Requirement: A complete answer includes every line below with the word "iMsC".

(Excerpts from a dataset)
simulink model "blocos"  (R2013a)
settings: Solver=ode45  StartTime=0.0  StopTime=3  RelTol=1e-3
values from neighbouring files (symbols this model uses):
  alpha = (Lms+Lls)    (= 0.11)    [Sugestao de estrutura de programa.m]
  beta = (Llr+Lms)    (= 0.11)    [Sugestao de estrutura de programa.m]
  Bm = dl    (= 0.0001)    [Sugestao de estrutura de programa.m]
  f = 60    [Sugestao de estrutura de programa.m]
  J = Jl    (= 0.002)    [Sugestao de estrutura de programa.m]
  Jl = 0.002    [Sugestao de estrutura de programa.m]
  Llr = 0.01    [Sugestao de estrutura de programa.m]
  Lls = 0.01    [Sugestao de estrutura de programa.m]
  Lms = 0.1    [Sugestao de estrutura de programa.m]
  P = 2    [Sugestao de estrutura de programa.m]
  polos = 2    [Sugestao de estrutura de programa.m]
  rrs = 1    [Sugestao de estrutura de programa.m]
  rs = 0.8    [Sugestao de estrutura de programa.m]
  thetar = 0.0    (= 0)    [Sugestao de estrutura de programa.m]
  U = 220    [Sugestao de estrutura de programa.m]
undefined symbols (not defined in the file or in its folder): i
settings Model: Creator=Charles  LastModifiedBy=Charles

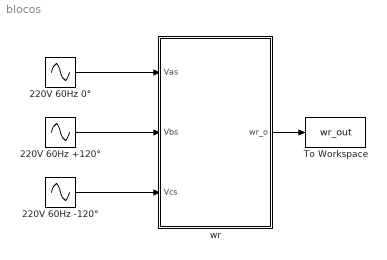
== system blocos ==
  220V 60Hz +120° : Sin  Amplitude=220  Frequency=377  Phase=2.0944  SampleTime=0
  220V 60Hz -120° : Sin  Amplitude=220  Frequency=377  Phase=-2.0944  SampleTime=0
  220V 60Hz 0° : Sin  Amplitude=220  Frequency=377  SampleTime=0
  To Workspace : ToWorkspace  VariableName=wr_out  SampleTime=-1  SaveFormat=Timeseries
  wr : Subsystem
  wires:
  220V 60Hz 0°/1 -> wr/1(Vas)
  wr/1(wr_o) -> To Workspace/1
  220V 60Hz +120°/1 -> wr/2(Vbs)
  220V 60Hz -120°/1 -> wr/3(Vcs)

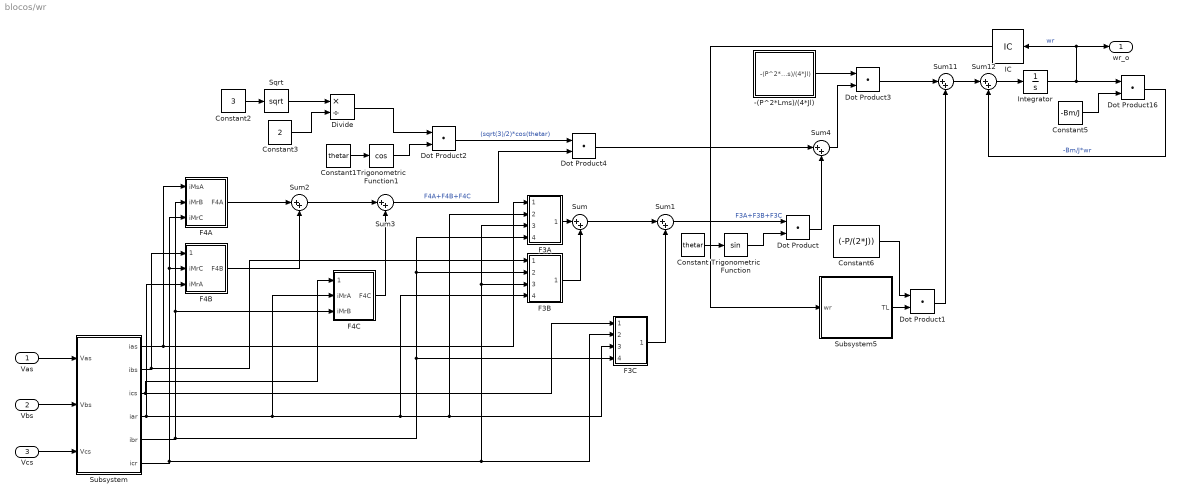
== system blocos/wr ==
  Vas : Inport
  Vbs : Inport  Port=2
  Vcs : Inport  Port=3
  -(P^2*Lms)/(4*Jl) : Subsystem
  Constant : Constant  Value=thetar
  Constant1 : Constant  Value=thetar
  Constant2 : Constant  Value=3
  Constant3 : Constant  Value=2
  Constant5 : Constant  Value=-Bm/J
  Constant6 : Constant  Value=(-P/(2*J))
  Divide : Product  Inputs=*/
  Dot Product{,1..4,16} (6 alike) : DotProduct  InputSameDT=on  OutDataTypeStr=Inherit: Inherit via internal rule
  F3A : Subsystem
  F3B : Subsystem
  F3C : Subsystem
  F4A : Subsystem
  F4B : Subsystem
  F4C : Subsystem
  IC : InitialCondition  Value=0.000001
  Integrator : Integrator
  Sqrt : Sqrt  SaturateOnIntegerOverflow=on
  Subsystem : Subsystem
  Subsystem5 : Subsystem
  Sum{,1..4,11..12} (7 alike) : Sum  Inputs=|++
  Trigonometric Function : Trigonometry
  Trigonometric Function1 : Trigonometry  Operator=cos
  wr_o : Outport
  wires:
  Dot Product16/1 -> Sum12/2  "-Bm/J*wr"
  Integrator/1 -> wr_o/1, IC/1, Dot Product16/1  "wr"
  Sum11/1 -> Sum12/1
  Constant5/1 -> Dot Product16/2
  Subsystem/3(ics) -> F3C/1(iMsC), F4C/1(iMsC)
  Subsystem/4(iar) -> F3C/3(iMrA), F3A/2(iMrA), F3B/4(iMrA), F4C/2(iMrA), F4B/3(iMrA)
  Subsystem/5(ibr) -> F3C/4(iMrB), F3B/2(iMrB), F3A/4(iMrB), F4C/3(iMrB), F4A/2(iMrB)
  Vbs/1 -> Subsystem/2(Vbs)
  Vcs/1 -> Subsystem/3(Vcs)
  Subsystem/2(ibs) -> F3B/1(iMsB), F4B/1(iMsB)
  Subsystem/6(icr) -> F3C/2(iMrC), F3B/3(iMrC), F3A/3(iMrC), F4B/2(iMrC), F4A/3(iMrC)
  Subsystem/1(ias) -> F3A/1(iMsA), F4A/1(iMsA)
  F4C/1(F4C) -> Sum3/2
  Sum3/1 -> Dot Product4/2  "F4A+F4B+F4C"
  Divide/1 -> Dot Product2/1
  Constant1/1 -> Trigonometric Function1/1
  F3B/1(F3B) -> Sum/2
  Trigonometric Function/1 -> Dot Product/2
  Constant2/1 -> Sqrt/1
  Sum1/1 -> Dot Product/1  "F3A+F3B+F3C"
  Dot Product4/1 -> Sum4/1
  F4B/1(F4B) -> Sum2/2
  F3C/1(F3C) -> Sum1/2
  Dot Product/1 -> Sum4/2
  Trigonometric Function1/1 -> Dot Product2/2
  Sum/1 -> Sum1/1
  Sqrt/1 -> Divide/1
  F4A/1(F4A) -> Sum2/1
  Sum2/1 -> Sum3/1
  Constant3/1 -> Divide/2
  Dot Product2/1 -> Dot Product4/1  "(sqrt(3)/2)*cos(thetar)"
  Dot Product3/1 -> Sum11/1
  -(P^2*Lms)/(4*Jl)/1(-(P^2*Lms)/(4*Jl)) -> Dot Product3/1
  Sum4/1 -> Dot Product3/2
  F3A/1(F3A) -> Sum/1
  Constant/1 -> Trigonometric Function/1
  Vas/1 -> Subsystem/1(Vas)
  Subsystem5/1(TL) -> Dot Product1/2
  Dot Product1/1 -> Sum11/2
  Constant6/1 -> Dot Product1/1
  Sum12/1 -> Integrator/1
  IC/1 -> Subsystem5/1(wr)

== system blocos/wr/-(P^2*Lms)//(4*Jl) ==
  Constant : Constant  Value=P
  Constant1 : Constant  Value=-Lms
  Constant2 : Constant  Value=4*Jl
  Divide : Product  Inputs=*/
  Dot Product : DotProduct  InputSameDT=on  OutDataTypeStr=Inherit: Inherit via internal rule
  Dot Product1 : DotProduct  InputSameDT=on  OutDataTypeStr=Inherit: Inherit via internal rule
  -(P^2*Lms)/(4*Jl) : Outport
  wires:
  Divide/1 -> -(P^2*Lms)/(4*Jl)/1  "-(P^2*Lms)/(4*Jl)"
  Constant2/1 -> Divide/2
  Dot Product1/1 -> Divide/1  "-P^2*Lms"
  Dot Product/1 -> Dot Product1/1  "P^2"
  Constant1/1 -> Dot Product1/2
  Constant/1 -> Dot Product/2, Dot Product/1

== system blocos/wr/F3A ==
  iMsA : Inport
  iMrA : Inport  Port=2
  iMrC : Inport  Port=3
  iMrB : Inport  Port=4
  Constant : Constant  Value=-0.5
  Dot Product : DotProduct  InputSameDT=on  OutDataTypeStr=Inherit: Inherit via internal rule
  Dot Product1 : DotProduct  InputSameDT=on  OutDataTypeStr=Inherit: Inherit via internal rule
  Dot Product2 : DotProduct  InputSameDT=on  OutDataTypeStr=Inherit: Inherit via internal rule
  Sum : Sum  Inputs=|++
  Sum1 : Sum  Inputs=|++
  F3A : Outport
  wires:
  iMrB/1 -> Dot Product/1
  Sum1/1 -> Dot Product2/1  "iMrA-0.5*iMrB-0.5*iMrC"
  iMrA/1 -> Sum1/2
  Dot Product2/1 -> F3A/1
  iMrC/1 -> Dot Product1/1
  Constant/1 -> Dot Product/2, Dot Product1/2
  Dot Product/1 -> Sum/1  "-0.5*iMrB"
  Sum/1 -> Sum1/1  "-0.5*iMrB-0.5*iMrC"
  iMsA/1 -> Dot Product2/2
  Dot Product1/1 -> Sum/2  "-0.5*iMrC"

== system blocos/wr/F3B ==
  iMsB : Inport
  iMrB : Inport  Port=2
  iMrC : Inport  Port=3
  iMrA : Inport  Port=4
  Constant : Constant  Value=-0.5
  Dot Product : DotProduct  InputSameDT=on  OutDataTypeStr=Inherit: Inherit via internal rule
  Dot Product1 : DotProduct  InputSameDT=on  OutDataTypeStr=Inherit: Inherit via internal rule
  Dot Product2 : DotProduct  InputSameDT=on  OutDataTypeStr=Inherit: Inherit via internal rule
  Sum : Sum  Inputs=|++
  Sum1 : Sum  Inputs=|++
  F3B : Outport
  wires:
  iMrA/1 -> Dot Product/1
  Sum1/1 -> Dot Product2/1  "iMrB-0.5*iMrA-0.5*iMrC"
  iMrB/1 -> Sum1/2
  Dot Product2/1 -> F3B/1
  iMrC/1 -> Dot Product1/1
  Constant/1 -> Dot Product/2, Dot Product1/2
  Dot Product/1 -> Sum/1  "-0.5*iMrA"
  Sum/1 -> Sum1/1  "-0.5*iMrA-0.5*iMrC"
  iMsB/1 -> Dot Product2/2
  Dot Product1/1 -> Sum/2  "-0.5*iMrC"

== system blocos/wr/F3C ==
  iMsC : Inport
  iMrC : Inport  Port=2
  iMrA : Inport  Port=3
  iMrB : Inport  Port=4
  Constant : Constant  Value=-0.5
  Dot Product : DotProduct  InputSameDT=on  OutDataTypeStr=Inherit: Inherit via internal rule
  Dot Product1 : DotProduct  InputSameDT=on  OutDataTypeStr=Inherit: Inherit via internal rule
  Dot Product2 : DotProduct  InputSameDT=on  OutDataTypeStr=Inherit: Inherit via internal rule
  Sum : Sum  Inputs=|++
  Sum1 : Sum  Inputs=|++
  F3C : Outport
  wires:
  iMrB/1 -> Dot Product/1
  Sum1/1 -> Dot Product2/1  "iMrC-0.5*iMrB-0.5*iMrA"
  iMrC/1 -> Sum1/2
  Dot Product2/1 -> F3C/1
  iMrA/1 -> Dot Product1/1
  Constant/1 -> Dot Product/2, Dot Product1/2
  Dot Product/1 -> Sum/1  "-0.5*iMrB"
  Sum/1 -> Sum1/1  "-0.5*iMrB-0.5*iMrA"
  iMsC/1 -> Dot Product2/2
  Dot Product1/1 -> Sum/2  "-0.5*iMrA"

== system blocos/wr/F4A ==
  iMsA : Inport
  iMrB : Inport  Port=2
  iMrC : Inport  Port=3
  Dot Product : DotProduct  InputSameDT=on  OutDataTypeStr=Inherit: Inherit via internal rule
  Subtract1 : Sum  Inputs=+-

Solved problem:
  Subsystem/3(ics) -> F3C/1(iMsC), F4C/1(iMsC)
  iMsC : Inport
  iMsC/1 -> Dot Product2/2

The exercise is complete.